== DATA EXCERPTS ==

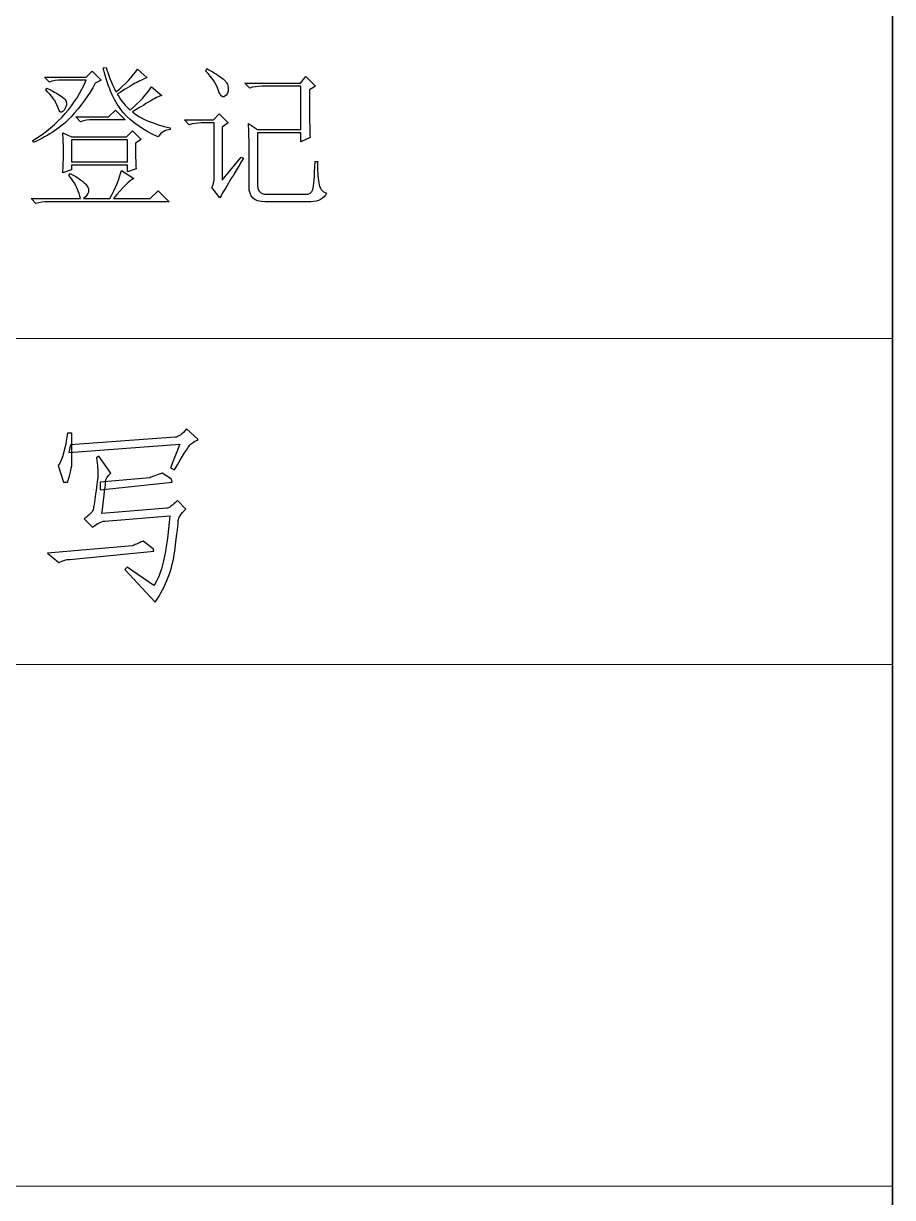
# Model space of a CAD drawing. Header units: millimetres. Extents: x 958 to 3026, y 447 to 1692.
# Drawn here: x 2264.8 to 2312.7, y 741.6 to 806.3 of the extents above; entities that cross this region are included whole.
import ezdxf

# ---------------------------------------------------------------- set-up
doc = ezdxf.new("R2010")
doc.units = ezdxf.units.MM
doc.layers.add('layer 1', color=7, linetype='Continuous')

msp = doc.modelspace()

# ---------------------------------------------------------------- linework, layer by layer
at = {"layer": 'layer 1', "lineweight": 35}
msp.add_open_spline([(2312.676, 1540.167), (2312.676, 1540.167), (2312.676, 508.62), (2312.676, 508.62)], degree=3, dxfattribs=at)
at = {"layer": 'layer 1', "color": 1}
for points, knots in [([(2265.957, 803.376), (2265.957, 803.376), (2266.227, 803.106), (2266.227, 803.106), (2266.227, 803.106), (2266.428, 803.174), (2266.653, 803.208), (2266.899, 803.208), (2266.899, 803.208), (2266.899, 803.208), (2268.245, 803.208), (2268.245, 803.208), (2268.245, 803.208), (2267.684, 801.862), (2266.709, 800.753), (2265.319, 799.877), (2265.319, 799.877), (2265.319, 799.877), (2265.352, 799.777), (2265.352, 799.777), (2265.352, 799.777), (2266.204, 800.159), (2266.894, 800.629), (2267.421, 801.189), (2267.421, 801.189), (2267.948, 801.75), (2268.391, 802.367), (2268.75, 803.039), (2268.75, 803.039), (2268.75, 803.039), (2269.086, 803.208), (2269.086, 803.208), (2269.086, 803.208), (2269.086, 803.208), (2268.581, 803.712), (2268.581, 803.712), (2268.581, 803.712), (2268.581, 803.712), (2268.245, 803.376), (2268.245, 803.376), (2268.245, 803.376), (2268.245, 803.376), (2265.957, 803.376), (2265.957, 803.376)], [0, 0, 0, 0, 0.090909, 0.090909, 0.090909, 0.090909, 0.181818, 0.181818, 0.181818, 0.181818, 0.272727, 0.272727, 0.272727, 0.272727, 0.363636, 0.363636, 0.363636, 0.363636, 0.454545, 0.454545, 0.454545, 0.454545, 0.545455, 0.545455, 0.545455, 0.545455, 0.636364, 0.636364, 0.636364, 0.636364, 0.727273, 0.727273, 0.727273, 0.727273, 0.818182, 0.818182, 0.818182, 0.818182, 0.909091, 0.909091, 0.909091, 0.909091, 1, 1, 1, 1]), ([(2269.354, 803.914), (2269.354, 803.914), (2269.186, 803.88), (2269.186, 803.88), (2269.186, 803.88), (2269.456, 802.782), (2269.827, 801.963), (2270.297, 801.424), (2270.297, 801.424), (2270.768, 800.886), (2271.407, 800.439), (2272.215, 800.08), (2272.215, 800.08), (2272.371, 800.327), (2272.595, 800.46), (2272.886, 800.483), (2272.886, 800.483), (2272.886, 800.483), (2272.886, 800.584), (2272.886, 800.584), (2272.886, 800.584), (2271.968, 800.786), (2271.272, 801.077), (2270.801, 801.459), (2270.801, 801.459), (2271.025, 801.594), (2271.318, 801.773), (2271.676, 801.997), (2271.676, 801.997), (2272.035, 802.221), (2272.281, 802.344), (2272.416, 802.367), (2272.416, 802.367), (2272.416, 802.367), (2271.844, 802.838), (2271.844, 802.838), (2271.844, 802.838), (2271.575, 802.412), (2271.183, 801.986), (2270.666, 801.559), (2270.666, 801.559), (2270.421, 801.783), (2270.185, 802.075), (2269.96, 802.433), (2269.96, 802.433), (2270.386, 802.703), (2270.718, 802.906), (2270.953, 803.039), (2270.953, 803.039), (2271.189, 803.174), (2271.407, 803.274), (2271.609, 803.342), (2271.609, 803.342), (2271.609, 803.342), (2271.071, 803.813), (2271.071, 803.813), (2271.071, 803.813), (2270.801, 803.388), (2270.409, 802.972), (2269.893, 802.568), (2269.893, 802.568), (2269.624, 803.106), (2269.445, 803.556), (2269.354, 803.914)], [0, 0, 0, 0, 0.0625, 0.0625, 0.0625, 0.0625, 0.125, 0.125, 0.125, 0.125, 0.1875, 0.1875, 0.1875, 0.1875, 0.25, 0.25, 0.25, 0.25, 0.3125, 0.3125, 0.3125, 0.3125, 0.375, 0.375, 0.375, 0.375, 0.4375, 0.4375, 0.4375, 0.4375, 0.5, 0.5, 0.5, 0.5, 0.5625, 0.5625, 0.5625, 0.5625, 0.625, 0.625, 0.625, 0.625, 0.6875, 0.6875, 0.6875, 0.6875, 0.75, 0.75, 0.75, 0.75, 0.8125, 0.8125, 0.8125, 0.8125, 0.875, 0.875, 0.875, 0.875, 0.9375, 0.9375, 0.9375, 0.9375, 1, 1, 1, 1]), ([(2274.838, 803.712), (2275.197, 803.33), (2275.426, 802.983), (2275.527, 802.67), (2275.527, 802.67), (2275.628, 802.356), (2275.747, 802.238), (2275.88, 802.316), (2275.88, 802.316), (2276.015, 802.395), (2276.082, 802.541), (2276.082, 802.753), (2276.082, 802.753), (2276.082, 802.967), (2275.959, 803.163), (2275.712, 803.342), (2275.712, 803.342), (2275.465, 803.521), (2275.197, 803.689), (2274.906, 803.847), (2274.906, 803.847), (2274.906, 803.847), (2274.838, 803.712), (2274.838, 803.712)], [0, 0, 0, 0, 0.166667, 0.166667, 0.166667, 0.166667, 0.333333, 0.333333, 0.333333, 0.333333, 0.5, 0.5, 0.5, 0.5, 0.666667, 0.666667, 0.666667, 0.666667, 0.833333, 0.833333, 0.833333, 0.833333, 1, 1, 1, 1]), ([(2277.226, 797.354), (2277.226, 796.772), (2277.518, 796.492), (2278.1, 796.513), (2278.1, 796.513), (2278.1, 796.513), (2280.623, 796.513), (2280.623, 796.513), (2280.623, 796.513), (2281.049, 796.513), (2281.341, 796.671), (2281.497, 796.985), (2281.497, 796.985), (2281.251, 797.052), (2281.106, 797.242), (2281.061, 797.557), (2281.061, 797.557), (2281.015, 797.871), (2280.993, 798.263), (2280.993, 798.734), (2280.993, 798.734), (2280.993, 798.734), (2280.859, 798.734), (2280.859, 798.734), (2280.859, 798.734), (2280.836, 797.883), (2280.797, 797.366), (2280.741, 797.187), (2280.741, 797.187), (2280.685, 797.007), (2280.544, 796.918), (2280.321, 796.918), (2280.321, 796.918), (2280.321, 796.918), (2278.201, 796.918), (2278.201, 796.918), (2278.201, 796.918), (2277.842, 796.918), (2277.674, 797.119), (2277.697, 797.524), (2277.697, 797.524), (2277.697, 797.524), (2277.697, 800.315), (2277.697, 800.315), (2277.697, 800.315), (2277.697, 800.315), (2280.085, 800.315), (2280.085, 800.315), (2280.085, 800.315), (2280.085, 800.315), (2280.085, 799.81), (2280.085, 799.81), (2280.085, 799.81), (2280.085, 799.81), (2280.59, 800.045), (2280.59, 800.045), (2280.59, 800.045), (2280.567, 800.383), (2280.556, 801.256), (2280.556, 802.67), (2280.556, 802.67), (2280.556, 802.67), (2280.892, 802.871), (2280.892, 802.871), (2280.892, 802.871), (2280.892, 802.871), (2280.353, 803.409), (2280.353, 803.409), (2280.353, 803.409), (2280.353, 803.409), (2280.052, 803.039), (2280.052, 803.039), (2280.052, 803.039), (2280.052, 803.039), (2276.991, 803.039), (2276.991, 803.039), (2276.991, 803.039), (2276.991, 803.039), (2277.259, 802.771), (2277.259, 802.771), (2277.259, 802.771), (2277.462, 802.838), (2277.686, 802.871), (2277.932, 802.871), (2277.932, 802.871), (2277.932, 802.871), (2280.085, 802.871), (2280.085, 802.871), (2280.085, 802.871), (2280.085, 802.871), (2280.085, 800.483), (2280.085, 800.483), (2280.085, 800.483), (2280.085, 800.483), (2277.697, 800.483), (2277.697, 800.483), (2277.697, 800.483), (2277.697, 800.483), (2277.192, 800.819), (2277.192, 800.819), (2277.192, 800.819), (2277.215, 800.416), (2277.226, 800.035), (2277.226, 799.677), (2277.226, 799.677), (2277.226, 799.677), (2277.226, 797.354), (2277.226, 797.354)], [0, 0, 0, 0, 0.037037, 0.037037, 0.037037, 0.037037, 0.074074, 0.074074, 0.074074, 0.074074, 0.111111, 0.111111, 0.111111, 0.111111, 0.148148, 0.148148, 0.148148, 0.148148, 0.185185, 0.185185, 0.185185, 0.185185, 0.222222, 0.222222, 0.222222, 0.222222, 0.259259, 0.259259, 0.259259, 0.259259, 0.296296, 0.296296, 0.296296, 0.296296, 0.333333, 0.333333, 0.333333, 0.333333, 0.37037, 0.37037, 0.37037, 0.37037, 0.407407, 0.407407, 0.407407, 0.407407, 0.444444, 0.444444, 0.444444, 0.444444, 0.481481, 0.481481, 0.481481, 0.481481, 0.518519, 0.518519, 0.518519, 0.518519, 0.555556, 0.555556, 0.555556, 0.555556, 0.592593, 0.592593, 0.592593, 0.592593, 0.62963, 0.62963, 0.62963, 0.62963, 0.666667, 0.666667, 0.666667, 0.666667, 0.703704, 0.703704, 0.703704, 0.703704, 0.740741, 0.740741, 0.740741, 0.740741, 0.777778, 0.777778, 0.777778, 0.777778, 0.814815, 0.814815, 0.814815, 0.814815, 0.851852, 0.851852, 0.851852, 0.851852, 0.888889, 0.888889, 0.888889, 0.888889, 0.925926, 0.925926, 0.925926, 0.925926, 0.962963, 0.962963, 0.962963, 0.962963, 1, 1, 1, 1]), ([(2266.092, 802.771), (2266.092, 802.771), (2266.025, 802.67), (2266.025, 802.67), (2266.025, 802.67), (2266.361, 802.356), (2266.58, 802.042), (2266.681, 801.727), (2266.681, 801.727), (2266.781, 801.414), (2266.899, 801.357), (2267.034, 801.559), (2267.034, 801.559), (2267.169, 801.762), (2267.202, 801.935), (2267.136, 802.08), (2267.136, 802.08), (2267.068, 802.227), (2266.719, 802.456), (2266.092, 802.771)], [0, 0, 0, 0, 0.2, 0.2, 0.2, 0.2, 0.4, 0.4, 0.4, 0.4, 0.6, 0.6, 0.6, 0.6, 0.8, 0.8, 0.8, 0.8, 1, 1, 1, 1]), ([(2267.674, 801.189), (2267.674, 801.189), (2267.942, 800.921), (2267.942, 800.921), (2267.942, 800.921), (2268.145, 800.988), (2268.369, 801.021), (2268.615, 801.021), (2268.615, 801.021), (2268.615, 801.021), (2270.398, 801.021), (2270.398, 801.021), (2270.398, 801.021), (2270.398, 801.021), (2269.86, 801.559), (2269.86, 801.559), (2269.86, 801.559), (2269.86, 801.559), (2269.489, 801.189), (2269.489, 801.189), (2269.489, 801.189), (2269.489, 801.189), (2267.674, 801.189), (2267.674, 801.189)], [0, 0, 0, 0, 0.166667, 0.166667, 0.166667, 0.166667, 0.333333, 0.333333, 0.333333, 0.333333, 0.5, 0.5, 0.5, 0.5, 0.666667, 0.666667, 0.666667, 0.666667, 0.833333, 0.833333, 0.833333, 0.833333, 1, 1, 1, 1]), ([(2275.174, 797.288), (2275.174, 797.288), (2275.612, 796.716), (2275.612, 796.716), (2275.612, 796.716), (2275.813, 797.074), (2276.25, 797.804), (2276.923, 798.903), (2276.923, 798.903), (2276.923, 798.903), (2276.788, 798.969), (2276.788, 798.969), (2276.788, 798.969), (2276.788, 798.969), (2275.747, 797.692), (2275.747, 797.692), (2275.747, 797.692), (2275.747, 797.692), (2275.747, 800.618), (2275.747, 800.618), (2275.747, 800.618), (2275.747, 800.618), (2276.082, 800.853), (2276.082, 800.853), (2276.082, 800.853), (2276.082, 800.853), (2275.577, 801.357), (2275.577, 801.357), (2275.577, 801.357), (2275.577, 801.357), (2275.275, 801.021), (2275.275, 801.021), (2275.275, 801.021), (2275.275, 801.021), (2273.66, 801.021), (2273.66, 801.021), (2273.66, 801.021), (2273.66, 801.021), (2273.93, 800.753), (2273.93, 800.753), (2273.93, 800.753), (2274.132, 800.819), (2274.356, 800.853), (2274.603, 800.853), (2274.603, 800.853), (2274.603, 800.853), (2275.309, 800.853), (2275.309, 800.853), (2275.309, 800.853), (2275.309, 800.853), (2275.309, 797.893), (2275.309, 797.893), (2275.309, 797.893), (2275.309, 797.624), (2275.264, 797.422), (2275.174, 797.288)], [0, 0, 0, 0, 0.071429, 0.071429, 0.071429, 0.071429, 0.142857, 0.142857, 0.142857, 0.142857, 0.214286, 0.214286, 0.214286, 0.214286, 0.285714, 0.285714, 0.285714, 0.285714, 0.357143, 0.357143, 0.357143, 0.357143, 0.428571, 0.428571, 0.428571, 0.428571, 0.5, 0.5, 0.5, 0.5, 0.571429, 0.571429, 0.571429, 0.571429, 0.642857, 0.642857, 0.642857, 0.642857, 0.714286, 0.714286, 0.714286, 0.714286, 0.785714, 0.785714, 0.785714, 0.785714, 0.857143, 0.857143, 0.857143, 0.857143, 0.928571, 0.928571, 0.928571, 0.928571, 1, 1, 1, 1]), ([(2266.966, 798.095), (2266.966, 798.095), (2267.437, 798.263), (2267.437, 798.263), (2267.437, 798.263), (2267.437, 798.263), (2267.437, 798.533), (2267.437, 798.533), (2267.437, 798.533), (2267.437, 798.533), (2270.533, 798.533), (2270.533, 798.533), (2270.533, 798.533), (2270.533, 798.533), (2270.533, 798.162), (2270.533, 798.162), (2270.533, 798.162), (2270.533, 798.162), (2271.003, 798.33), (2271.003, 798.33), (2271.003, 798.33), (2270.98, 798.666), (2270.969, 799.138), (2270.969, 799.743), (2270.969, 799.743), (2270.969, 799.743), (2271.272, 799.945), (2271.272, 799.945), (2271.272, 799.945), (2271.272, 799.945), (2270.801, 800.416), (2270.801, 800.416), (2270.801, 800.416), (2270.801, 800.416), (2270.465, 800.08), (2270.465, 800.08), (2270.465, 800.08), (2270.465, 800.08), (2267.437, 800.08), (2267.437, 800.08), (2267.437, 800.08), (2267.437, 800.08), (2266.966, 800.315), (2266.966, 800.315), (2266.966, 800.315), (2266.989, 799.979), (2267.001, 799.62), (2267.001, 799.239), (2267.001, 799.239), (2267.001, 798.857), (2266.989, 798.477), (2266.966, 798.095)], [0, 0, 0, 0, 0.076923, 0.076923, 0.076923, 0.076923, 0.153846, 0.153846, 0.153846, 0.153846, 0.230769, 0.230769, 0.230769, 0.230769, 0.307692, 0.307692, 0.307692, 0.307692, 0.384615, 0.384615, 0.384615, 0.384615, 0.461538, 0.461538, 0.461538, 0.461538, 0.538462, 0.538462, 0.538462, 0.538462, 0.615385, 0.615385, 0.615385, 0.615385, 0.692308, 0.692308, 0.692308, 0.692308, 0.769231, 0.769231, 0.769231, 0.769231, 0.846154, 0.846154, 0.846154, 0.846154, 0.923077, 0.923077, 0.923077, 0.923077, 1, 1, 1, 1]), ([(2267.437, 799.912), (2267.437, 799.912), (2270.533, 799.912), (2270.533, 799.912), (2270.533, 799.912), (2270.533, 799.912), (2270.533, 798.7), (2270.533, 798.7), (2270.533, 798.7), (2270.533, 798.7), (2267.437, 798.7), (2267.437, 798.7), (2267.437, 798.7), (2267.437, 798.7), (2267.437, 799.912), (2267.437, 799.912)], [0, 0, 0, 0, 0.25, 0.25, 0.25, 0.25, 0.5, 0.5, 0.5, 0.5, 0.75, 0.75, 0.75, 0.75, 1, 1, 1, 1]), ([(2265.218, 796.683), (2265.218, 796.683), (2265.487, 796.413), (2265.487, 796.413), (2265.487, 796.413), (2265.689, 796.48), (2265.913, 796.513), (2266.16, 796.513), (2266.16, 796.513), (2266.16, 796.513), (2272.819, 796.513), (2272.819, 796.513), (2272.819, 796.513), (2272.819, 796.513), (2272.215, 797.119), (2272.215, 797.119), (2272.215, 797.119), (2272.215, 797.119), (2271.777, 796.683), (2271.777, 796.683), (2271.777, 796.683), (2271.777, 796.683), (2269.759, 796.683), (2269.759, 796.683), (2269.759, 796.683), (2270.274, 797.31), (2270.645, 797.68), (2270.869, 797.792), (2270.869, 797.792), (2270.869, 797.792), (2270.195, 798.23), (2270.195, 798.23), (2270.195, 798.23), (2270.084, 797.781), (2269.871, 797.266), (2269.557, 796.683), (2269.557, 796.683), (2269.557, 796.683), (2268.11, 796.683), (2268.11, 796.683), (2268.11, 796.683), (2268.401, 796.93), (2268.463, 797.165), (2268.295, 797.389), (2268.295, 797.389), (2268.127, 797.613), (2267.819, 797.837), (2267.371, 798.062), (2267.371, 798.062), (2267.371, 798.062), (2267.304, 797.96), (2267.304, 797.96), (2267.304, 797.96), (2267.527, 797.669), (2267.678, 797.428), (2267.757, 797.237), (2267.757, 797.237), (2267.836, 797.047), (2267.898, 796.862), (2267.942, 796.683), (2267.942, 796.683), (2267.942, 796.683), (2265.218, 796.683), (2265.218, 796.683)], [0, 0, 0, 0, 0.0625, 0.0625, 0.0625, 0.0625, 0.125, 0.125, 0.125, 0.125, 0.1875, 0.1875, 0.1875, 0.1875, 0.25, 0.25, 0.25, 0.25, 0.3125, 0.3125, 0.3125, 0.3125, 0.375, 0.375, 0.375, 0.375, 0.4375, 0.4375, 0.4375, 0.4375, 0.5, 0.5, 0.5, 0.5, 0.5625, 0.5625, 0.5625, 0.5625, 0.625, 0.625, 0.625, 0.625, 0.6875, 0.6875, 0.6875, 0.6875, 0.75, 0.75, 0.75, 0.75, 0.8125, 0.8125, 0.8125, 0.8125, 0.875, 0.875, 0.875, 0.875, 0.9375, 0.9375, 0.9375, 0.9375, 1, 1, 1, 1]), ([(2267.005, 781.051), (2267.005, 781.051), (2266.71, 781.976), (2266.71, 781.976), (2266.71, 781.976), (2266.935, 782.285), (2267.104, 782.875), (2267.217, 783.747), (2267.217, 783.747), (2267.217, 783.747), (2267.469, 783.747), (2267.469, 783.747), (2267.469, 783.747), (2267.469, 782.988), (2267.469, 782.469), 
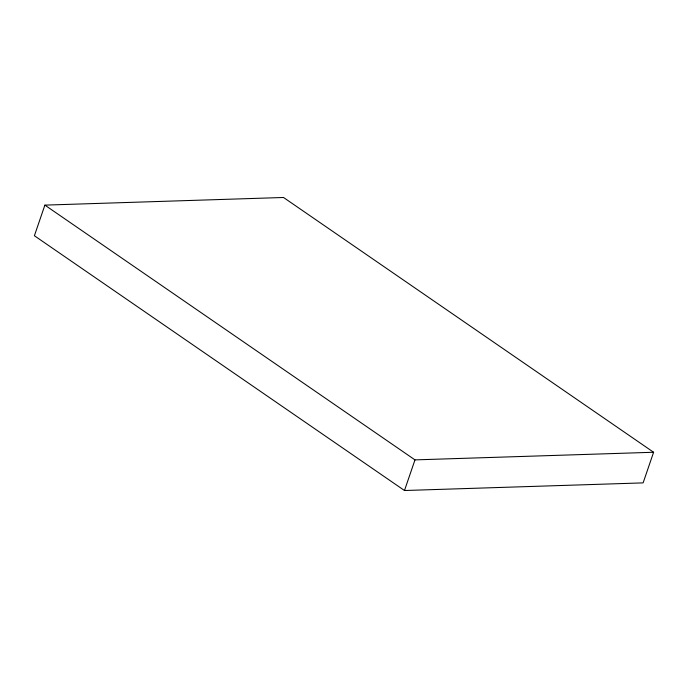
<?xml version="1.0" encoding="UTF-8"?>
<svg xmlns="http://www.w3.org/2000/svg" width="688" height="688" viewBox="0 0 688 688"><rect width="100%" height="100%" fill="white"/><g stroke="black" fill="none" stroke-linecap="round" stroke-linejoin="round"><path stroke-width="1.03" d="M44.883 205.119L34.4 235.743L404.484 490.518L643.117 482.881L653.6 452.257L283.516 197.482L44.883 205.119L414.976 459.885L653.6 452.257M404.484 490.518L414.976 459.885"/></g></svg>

===

WORK INSTRUCTION ▸ In the entries above, identify every line with the string "ezdxf".

YOUR RESPONSE ▸
import ezdxf
doc = ezdxf.new("R2010")
doc.units = ezdxf.units.MM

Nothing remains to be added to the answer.